Because of the innovative marketing by Matsushita and RCA, the following year, 1979, Beta and VHS literally flipped their market shares from the previous years, suddenly VHS had 90% of the market to Beta's 10%. This caused around nine more VHS machines to be available for every one Beta that went into consumer homes. And those consumers were now ready to playback rented movies from the new boy on the block, the local video store. In the end, these numbers would dictate how the video store owner would run his business.

Here is how it worked.

Mainstream movies duplicated by Hollywood studios to video tape were bought in quantity, by title, through small, independent, entrepreneur video store owners across America who were willing to gamble their own bucks. These were the pioneers of the videotape movie rental industry. These small owners could not "floor plan"** the huge quantity of rental tapes that were needed to attract customers, instead needing to pay cash upfront. And on top of that, they had to carry two tape formats on each popular title, one for Beta and one for VHS, the cash outlay being a huge gamble. The owner would make his money back only on what he called "turns," the number of times a single titled was rented over its useful life.

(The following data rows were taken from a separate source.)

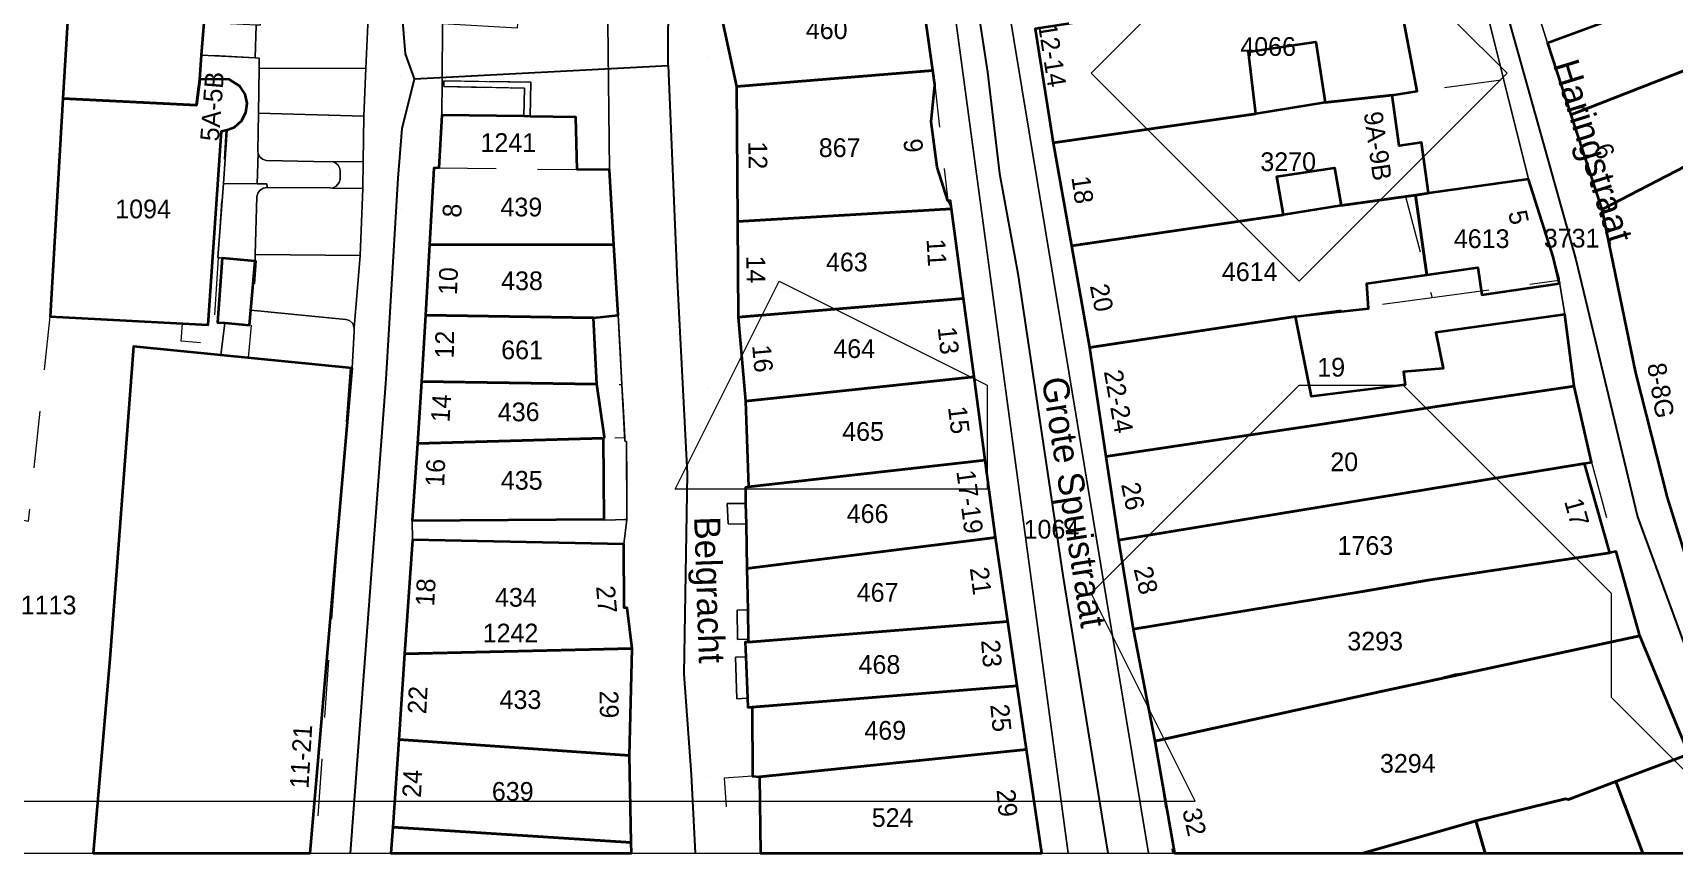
# Model space of a CAD drawing. Header units: metres. Extents: x 0 to 105485, y 0 to 425721.
# Drawn here: x 105071.6 to 105150.5, y 425150 to 425189.4 of the extents above; entities that cross this region are included whole.
import ezdxf
from ezdxf.enums import TextEntityAlignment as Align

# ---------------------------------------------------------------- set-up
doc = ezdxf.new("R2010")
doc.units = ezdxf.units.M
doc.header["$MEASUREMENT"] = 0
doc.linetypes.add('IE-TERREINAFSCHEIDING_KUNSTMATIG-SO', pattern=[11, 4, -1, 4, -2])
doc.linetypes.add('KG-PERCEEL-SO', pattern=[19, 5.5, -4, 5.5, -4])
for name, color, linetype, lineweight in [('B-XX-GR-BEPLANTING_CULTUUR_VASTE PLANTENVAK-G', 90, 'Continuous', 18), ('B-XX-IE-MEUBILAIR-G', 7, 'Continuous', 18), ('B-XX-IE-MEUBILAIR_WEGMEUBILAIR_AFVALBAK-G', 7, 'Continuous', 18), ('B-XX-IE-TERREINAFSCHEIDING_KUNSTMATIG_MUUR-G', 90, 'IE-TERREINAFSCHEIDING_KUNSTMATIG-SO', 18), ('B-XX-KG-GRENS_PERCEEL-G', 150, 'KG-PERCEEL-SO', 18), ('B-XX-KG-GRENS_PERCEEL-T', 150, 'KG-PERCEEL-SO', 18), ('B-XX-OG-BEBOUWING-G', 7, 'Continuous', 35), ('B-XX-OG-BEBOUWING_HUISNUMMER-T', 7, 'Continuous', 18), ('B-XX-OG-BEBOUWING_STRAATNAAM-T', 7, 'Continuous', 18), ('B-XX-OG-BEBOUWING_TRAP-G', 7, 'Continuous', 18), ('B-XX-OG-GRENS-G', 7, 'Continuous', 18), ('B-XX-OG-TERREIN_ERF-G', 7, 'Continuous', 18), ('B-XX-VH-OPENVERHARDING-G', 90, 'Continuous', 18), ('B-XX-VH-OPENVERHARDING_BETONSTRAATSTEEN-G', 90, 'Continuous', 18), ('B-XX-VH-OPENVERHARDING_TEGEL-G', 90, 'Continuous', 18)]:
    doc.layers.add(name, color=color, linetype=linetype, lineweight=lineweight)
doc.layers.add('GIS-WEGVAKKEN', color=2, linetype='Continuous')

msp = doc.modelspace()

# ---------------------------------------------------------------- linework, layer by layer
at = {"layer": 'B-XX-GR-BEPLANTING_CULTUUR_VASTE PLANTENVAK-G', "ltscale": 0.5}
msp.add_lwpolyline([(105082.388, 425181.579), (105082.43, 425181.738), (105082.525, 425181.873), (105082.685, 425181.979), (105082.891, 425182.013), (105082.863, 425182.183), (105082.408, 425182.187), (105080.779, 425182.202), (105080.518, 425178.638), (105080.726, 425178.618), (105082.304, 425178.47), (105082.312, 425178.781)], close=True, dxfattribs=at)
at = {"layer": 'B-XX-IE-MEUBILAIR-G', "color": 0, "true_color": 0x604a38}
for points in [[(105104.033, 425188.255, 0.5730547171131081), (105104.033, 425188.255, 2.073054717113108)], [(105117.281, 425188.265, 2.129266755531477), (105117.281, 425188.265, 3.629266755531477)], [(105089.314, 425187.387, 1.752920135293355), (105089.314, 425187.387, 3.252920135293355)], [(105145.255, 425187.241, 1.793303922863108), (105145.255, 425187.241, 3.293303922863108)], [(105102.121, 425186.623, 0.5589585889647924), (105102.121, 425186.623, 2.058958588964793)], [(105142.532, 425186.37, 1.76378765637853), (105142.532, 425186.37, 3.26378765637853)], [(105085.836, 425182.577, 1.723344803398703), (105085.836, 425182.577, 4.723344803398703)], [(105089.342, 425180.957, 1.627576909945759), (105089.342, 425180.957, 3.127576909945759)], [(105145.34, 425179.857, 1.640467366583658), (105145.34, 425179.857, 3.140467366583658)], [(105088.853, 425172.324, 1.467883741335096), (105088.853, 425172.324, 2.967883741335096)], [(105104.04, 425172.392, 0.5140480117066599), (105104.04, 425172.392, 2.01404801170666)], [(105089.549, 425167.785, 1.452149987220764), (105089.549, 425167.785, 2.952149987220764)], [(105121.511, 425165.184, 1.760288578585683), (105121.511, 425165.184, 3.260288578585683)], [(105120.813, 425163.702, 1.758862535202888), (105120.813, 425163.702, 3.258862535202888)], [(105124.353, 425156.764, 1.686917294406287), (105124.353, 425156.764, 3.186917294406287)], [(105104.164, 425153.643, 0.5216009530989776), (105104.164, 425153.643, 2.021600953098978)], [(105087.173, 425150.48, 1.194888829064843), (105087.173, 425150.48, 2.694888829064843)], [(105122.835, 425150.049, 1.68116403368089), (105122.835, 425150.049, 3.18116403368089)]]:
    msp.add_polyline3d(points, dxfattribs=at)
at = {"layer": 'B-XX-IE-MEUBILAIR_WEGMEUBILAIR_AFVALBAK-G', "color": 0, "true_color": 0x604a38}
msp.add_polyline3d([(105124.238, 425160.876, 1.746121957725937), (105124.238, 425160.876, 3.246121957725936)], dxfattribs=at)
at = {"layer": 'B-XX-IE-TERREINAFSCHEIDING_KUNSTMATIG_MUUR-G', "ltscale": 0.5, "flags": 128}
for points in [[(105082.303, 425188.243), (105079.735, 425188.38)], [(105095.216, 425185.433), (105095.258, 425186.783), (105091.373, 425186.868), (105091.378, 425187.138), (105095.554, 425187.08), (105095.522, 425185.429)], [(105099.76, 425175.877), (105100.083, 425169.818), (105100.158, 425169.804), (105100.177, 425166.047), (105099.082, 425166.016), (105099.091, 425166.064)]]:
    msp.add_lwpolyline(points, dxfattribs=at)
at = {"layer": 'B-XX-IE-TERREINAFSCHEIDING_KUNSTMATIG_MUUR-G', "ltscale": 0.5}
msp.add_lwpolyline([(105095.216, 425185.433), (105095.522, 425185.429), (105095.554, 425187.08), (105091.378, 425187.138), (105091.373, 425186.868), (105095.258, 425186.783)], close=True, dxfattribs=at)
at = {"layer": 'B-XX-IE-TERREINAFSCHEIDING_KUNSTMATIG_MUUR-G', "color": 0, "ltscale": 0.5, "true_color": 0x8c7868}
for points in [[(105082.303, 425188.243, 1.927449943751053), (105079.735, 425188.38, 1.805099964141846)], [(105095.216, 425185.433, 0.9563999772071838), (105095.258, 425186.783, 1.010612899380902), (105093.3155, 425186.8255, 1.500549347699658), (105091.373, 425186.868, 1.650344148201395), (105091.378, 425187.138, 1.657511835511384), (105093.466, 425187.109, 1.393174930192439), (105095.554, 425187.08, 1.009899055789151), (105095.522, 425185.429, 0.8732978986266107)], [(105099.76, 425175.877, 0.5771896863354796), (105099.8676666667, 425173.8573333333, 0.5830476149490315), (105099.9753333333, 425171.8376666667, 0.5802700494258941), (105100.083, 425169.818, 0.5962500274181366), (105100.158, 425169.804, 0.5962500274181366), (105100.1675, 425167.9255, 0.5909500122070312), (105100.177, 425166.047, 0.5909500122070312), (105099.082, 425166.016, 0.6028289151968785), (105099.091, 425166.064, 0.6016424429120418)]]:
    msp.add_polyline3d(points, dxfattribs=at)
at = {"layer": 'B-XX-KG-GRENS_PERCEEL-G', "ltscale": 0.5, "flags": 128}
for points in [[(105131.862, 425227.492), (105136.181, 425214.443), (105141.718, 425197.663), (105144.438, 425188.945), (105145.559, 425185.508)], [(105079.642, 425187.202), (105080.434, 425197.256)], [(105114.207, 425192.401), (105114.879, 425187.643)], [(105140.836, 425193.106), (105141.131, 425192.011), (105142.327, 425187.196)], [(105073.065, 425186.283), (105073.082, 425186.574), (105073.368, 425191.485)], [(105104.478, 425191.416), (105105.451, 425186.941), (105105.451, 425186.862)], [(105119.801, 425189.644), (105120.64, 425184.335), (105120.672, 425184.153)], [(105145.559, 425185.508), (105154.681, 425189.062), (105154.829, 425188.971), (105156.053, 425189.407), (105156.98, 425189.816), (105157.368, 425189.961)], [(105073.065, 425186.283), (105079.493, 425185.966), (105079.642, 425187.202)], [(105079.642, 425187.202), (105081.041, 425187.219)], [(105080.92, 425184.754), (105081.206, 425184.854), (105081.46, 425185.018), (105081.669, 425185.237), (105081.82, 425185.499), (105081.906, 425185.79), (105081.92, 425186.092), (105081.864, 425186.389), (105081.739, 425186.665), (105081.553, 425186.904), (105081.316, 425187.092), (105081.041, 425187.219)], [(105105.451, 425186.862), (105114.879, 425187.643)], [(105105.451, 425186.862), (105105.497, 425180.375)], [(105114.879, 425187.643), (105114.977, 425186.946), (105115.612, 425181.373)], [(105120.672, 425184.153), (105130.416, 425185.557), (105133.755, 425186.093), (105136.973, 425186.452), (105138.166, 425186.649), (105142.327, 425187.196)], [(105142.327, 425187.196), (105143.517, 425182.404)], [(105072.454, 425175.804), (105073.065, 425186.283)], [(105091.136, 425182.949), (105091.288, 425185.489), (105097.727, 425185.397), (105097.78, 425182.878)], [(105145.559, 425185.508), (105147.045, 425180.95)], [(105080.531, 425178.63), (105080.92, 425184.754)], [(105120.672, 425184.153), (105121.547, 425179.207)], [(105147.045, 425180.95), (105153.297, 425184.192), (105155.486, 425179.231), (105156.003, 425179.569)], [(105090.687, 425179.274), (105090.901, 425182.942)], [(105090.901, 425182.942), (105091.136, 425182.949)], [(105091.136, 425182.949), (105097.78, 425182.878)], [(105097.78, 425182.878), (105099.344, 425182.861), (105099.453, 425180.886), (105099.543, 425179.253)], [(105138.089, 425181.644), (105138.717, 425181.732), (105143.517, 425182.404)], [(105143.517, 425182.404), (105144.704, 425178.672)], [(105115.612, 425181.373), (105115.785, 425180.985)], [(105121.547, 425179.207), (105131.742, 425180.693), (105134.515, 425181.145), (105137.615, 425181.578)], [(105137.615, 425181.578), (105138.089, 425181.644)], [(105137.615, 425181.578), (105138.886, 425176.72)], [(105105.497, 425180.375), (105115.785, 425180.985)], [(105115.785, 425180.985), (105116.381, 425176.666)], [(105147.045, 425180.95), (105148.673, 425173.099), (105150.197, 425167.102), (105151.036, 425164.355), (105151.191, 425163.909)], [(105105.497, 425180.375), (105105.529, 425175.777)], [(105090.489, 425175.875), (105090.687, 425179.274)], [(105090.687, 425179.274), (105099.543, 425179.253)], [(105099.543, 425179.253), (105099.76, 425175.877)], [(105121.547, 425179.207), (105122.397, 425174.406), (105122.411, 425174.314)], [(105080.531, 425178.63), (105080.268, 425174.487), (105078.751, 425174.614), (105078.811, 425175.473)], [(105080.531, 425178.63), (105080.726, 425178.618)], [(105080.726, 425178.618), (105082.362, 425178.484), (105082.126, 425175.39)], [(105144.704, 425178.672), (105144.992, 425177.627), (105145.004, 425177.554)], [(105138.886, 425176.72), (105145.004, 425177.554)], [(105145.004, 425177.554), (105145.274, 425175.898), (105145.713, 425172.451)], [(105105.529, 425175.777), (105116.381, 425176.666)], [(105116.381, 425176.666), (105116.876, 425172.907)], [(105122.411, 425174.314), (105132.323, 425175.805), (105132.592, 425175.863), (105138.886, 425176.72)], [(105090.303, 425172.688), (105090.489, 425175.875)], [(105090.489, 425175.875), (105098.577, 425175.75), (105099.76, 425175.877)], [(105099.76, 425175.877), (105099.938, 425172.529)], [(105041.339, 425171.974), (105046.243, 425170.977), (105058.011, 425168.639), (105071.414, 425165.959), (105072.454, 425175.804)], [(105072.454, 425175.804), (105078.811, 425175.473)], [(105081.984, 425173.814), (105082.126, 425175.39)], [(105105.529, 425175.777), (105105.616, 425174.791), (105105.884, 425171.738)], [(105122.411, 425174.314), (105123.212, 425169.073)], [(105081.984, 425173.814), (105086.871, 425173.324), (105085.889, 425159.995), (105085.1888124823, 425150)], [(105090.107, 425169.705), (105090.197, 425171.073), (105090.303, 425172.688)], [(105090.303, 425172.688), (105098.74, 425172.549), (105099.938, 425172.529)], [(105105.884, 425171.738), (105116.876, 425172.907)], [(105116.876, 425172.907), (105117.408, 425168.901)], [(105099.938, 425172.529), (105100.009, 425171.211), (105100.074, 425169.986)], [(105123.212, 425169.073), (105129.026, 425169.97), (105137.343, 425171.176), (105140.056, 425171.628), (105145.713, 425172.451)], [(105145.713, 425172.451), (105146.551, 425168.801)], [(105105.884, 425171.738), (105106.022, 425167.615)], [(105099.091, 425166.064), (105095.075, 425166.033), (105089.862, 425165.993), (105090.107, 425169.705)], [(105090.107, 425169.705), (105100.074, 425169.986)], [(105100.083, 425169.818), (105100.158, 425169.804), (105100.177, 425166.047), (105099.082, 425166.016)], [(105100.074, 425169.986), (105100.083, 425169.818)], [(105106.022, 425167.615), (105117.408, 425168.901)], [(105117.408, 425168.901), (105117.901, 425165.178)], [(105123.212, 425169.073), (105123.817, 425165.055)], [(105123.817, 425165.055), (105146.223, 425168.745), (105146.551, 425168.801)], [(105146.551, 425168.801), (105147.733, 425164.504)], [(105106.022, 425167.615), (105105.873, 425167.587), (105105.947, 425163.695)], [(105099.082, 425166.016), (105099.091, 425166.064)], [(105089.492, 425159.591), (105089.869, 425165.061), (105095.315, 425164.954), (105100.026, 425164.862), (105100.055, 425161.804), (105100.188, 425161.799), (105100.435, 425159.835)], [(105105.947, 425163.695), (105117.901, 425165.178)], [(105117.901, 425165.178), (105118.491, 425161.144)], [(105123.817, 425165.055), (105123.972, 425164.031), (105124.51, 425160.77)], [(105124.51, 425160.77), (105135.54, 425162.588), (105138.7, 425163.126), (105147.435, 425164.447), (105147.733, 425164.504)], [(105147.733, 425164.504), (105148.875, 425160.451)], [(105105.947, 425163.695), (105106.015, 425160.143)], [(105106.015, 425160.143), (105118.491, 425161.144)], [(105118.491, 425161.144), (105118.944, 425158.047)], [(105106.015, 425160.143), (105105.866, 425160.144), (105105.987, 425157.017), (105106.195, 425157.015)], [(105124.51, 425160.77), (105124.621, 425160.096), (105125.552, 425155.386)], [(105140, 425158.619), (105141.669, 425158.872), (105148.875, 425160.451)], [(105148.875, 425160.451), (105151.237, 425154.765)], [(105089.208, 425155.467), (105089.323, 425157.137), (105089.492, 425159.591)], [(105089.492, 425159.591), (105100.435, 425159.835)], [(105100.308, 425154.695), (105100.314, 425154.925), (105100.435, 425159.835)], [(105125.552, 425155.386), (105136.509, 425157.786), (105139.642, 425158.533)], [(105139.642, 425158.533), (105140, 425158.619)], [(105106.195, 425157.015), (105118.944, 425158.047)], [(105118.944, 425158.047), (105119.391, 425154.991)], [(105106.195, 425157.015), (105106.225, 425153.71)], [(105089.208, 425155.467), (105088.918, 425151.246)], [(105089.208, 425155.467), (105100.308, 425154.695)], [(105125.552, 425155.386), (105125.647, 425154.906)], [(105100.308, 425154.695), (105100.384, 425150.514)], [(105106.225, 425153.71), (105106.553, 425153.678), (105119.391, 425154.991)], [(105119.391, 425154.991), (105120.1214820822, 425150)], [(105125.647, 425154.906), (105126.4059429274, 425150)], [(105147.72, 425153.44), (105151.237, 425154.765)], [(105106.225, 425153.71), (105104.855, 425153.604), (105104.961, 425152.114), (105106.575, 425152.218), (105106.6081913888, 425150)], [(105140.997, 425151.552), (105145.305, 425152.617), (105145.453, 425152.586), (105147.72, 425153.44)], [(105147.72, 425153.44), (105149.0019428452, 425150)], [(105135.5775985081, 425150), (105140.997, 425151.552)], [(105140.997, 425151.552), (105141.4327364432, 425150)], [(105088.8320392247, 425150), (105088.918, 425151.246)], [(105088.918, 425151.246), (105100.384, 425150.514)], [(105100.384, 425150.514), (105100.3931377778, 425150)]]:
    msp.add_lwpolyline(points, dxfattribs=at)
at = {"layer": 'B-XX-OG-BEBOUWING-G', "ltscale": 0.5}
for points in [[(105141.718, 425197.663), (105147.451, 425199.606), (105150.323, 425191.125), (105144.438, 425188.945), (105145.558, 425185.508), (105154.681, 425189.062), (105154.829, 425188.971), (105156.053, 425189.407), (105156.98, 425189.816), (105157.368, 425189.961), (105150.726, 425205.636), (105149.226, 425204.949), (105147.127, 425210.029), (105145.292, 425214.54), (105139.088, 425229.898), (105131.862, 425227.492)], [(105080.932, 425205.023), (105081.431, 425214.218), (105081.714, 425220.172), (105075.526, 425220.672), (105074.118, 425198.772), (105073.944, 425195.946), (105073.762, 425195.975), (105073.368, 425191.485), (105073.294, 425190.239), (105073.064, 425186.283), (105079.493, 425185.966), (105079.642, 425187.202), (105079.735, 425188.38), (105079.859, 425189.939), (105080.438, 425197.256), (105080.45, 425197.41), (105080.648, 425199.905)], [(105141.131, 425192.011), (105140.836, 425193.106), (105131.427, 425191.481), (105130.831, 425194.816), (105128.608, 425194.419), (105129.202, 425191.094), (105119.802, 425189.644), (105120.672, 425184.153), (105130.416, 425185.557), (105130.055, 425188.538), (105133.305, 425189.015), (105133.755, 425186.093), (105136.973, 425186.452), (105138.166, 425186.649), (105137.285, 425191.301)], [(105114.207, 425192.401), (105104.478, 425191.416), (105105.452, 425186.862), (105114.879, 425187.643)], [(105156.003, 425179.569), (105158.361, 425181.11), (105158.99, 425181.611), (105154.829, 425188.971), (105154.681, 425189.062), (105145.558, 425185.508), (105147.044, 425180.95), (105153.297, 425184.192), (105155.486, 425179.231)], [(105080.967, 425184.776), (105081.319, 425184.916), (105081.654, 425185.217), (105081.864, 425185.616), (105081.922, 425186.063), (105081.822, 425186.502), (105081.576, 425186.88), (105081.041, 425187.219), (105079.642, 425187.202), (105079.493, 425185.966), (105073.064, 425186.283), (105072.454, 425175.804), (105080.042, 425175.409), (105080.691, 425184.721)], [(105114.977, 425186.946), (105114.879, 425187.643), (105105.452, 425186.862), (105105.497, 425180.375), (105115.783, 425180.985), (105115.731, 425181.372), (105115.612, 425181.373), (105115.091, 425182.985), (105114.812, 425185.161)], [(105133.755, 425186.093), (105130.416, 425185.557), (105120.672, 425184.153), (105121.546, 425179.207), (105131.742, 425180.693), (105131.431, 425182.542), (105134.203, 425182.963), (105134.515, 425181.145), (105138.089, 425181.644), (105138.717, 425181.732), (105138.382, 425184.176), (105137.309, 425184.007), (105136.973, 425186.452)], [(105095.216, 425185.433), (105091.288, 425185.489), (105091.136, 425182.949), (105090.901, 425182.942), (105090.687, 425179.274), (105099.543, 425179.253), (105099.344, 425182.861), (105097.78, 425182.878), (105097.727, 425185.397), (105095.522, 425185.429)], [(105156.003, 425179.569), (105155.486, 425179.231), (105153.297, 425184.192), (105147.044, 425180.95), (105148.673, 425173.099), (105150.197, 425167.102), (105151.191, 425163.909), (105159.458, 425167.346), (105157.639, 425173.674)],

As each store owner ran their individual rental store business, they quickly discovered that the VHS movies rented four, five, or six times faster than the Beta titles . . . the VHS movies providing the turns and the profits, while Beta titles stayed on the shelf with very few turns.

Seeing the "green" coming across their counters for rental of VHS tapes, it didn't take long for store owners to realize that stocking Beta directly affected their profit margins, quickly and almost overnight, dropping the entire Beta movie format altogether and selling the cassette titles to get them out of the store, freeing up more shelf space for new incoming VHS movie titles.

Beta owners found themselves walking into video stores across the country looking for new Beta movie releases, discovering their format was no longer on the shelf. In fact, in many cases they found themselves with no movie titles at all. They instead were suddenly forced to drive twenty to thirty minutes from their home just to rent a movie that would fit into the slot in front of their Zenith, Sanyo, and Sony Beta machines, not to mention having to drive the movie back for return.

A few video-store owners did carry only Beta tapes, realizing that Beta owners were trapped and had no other place to go, their turning a negative into a positive to create a profit center for themselves. However, as fewer Beta machines sold into the early 1980's, these stores had a clock ticking over their heads. Eventually, they would have to bow down to the winner of the VCR format war, VHS.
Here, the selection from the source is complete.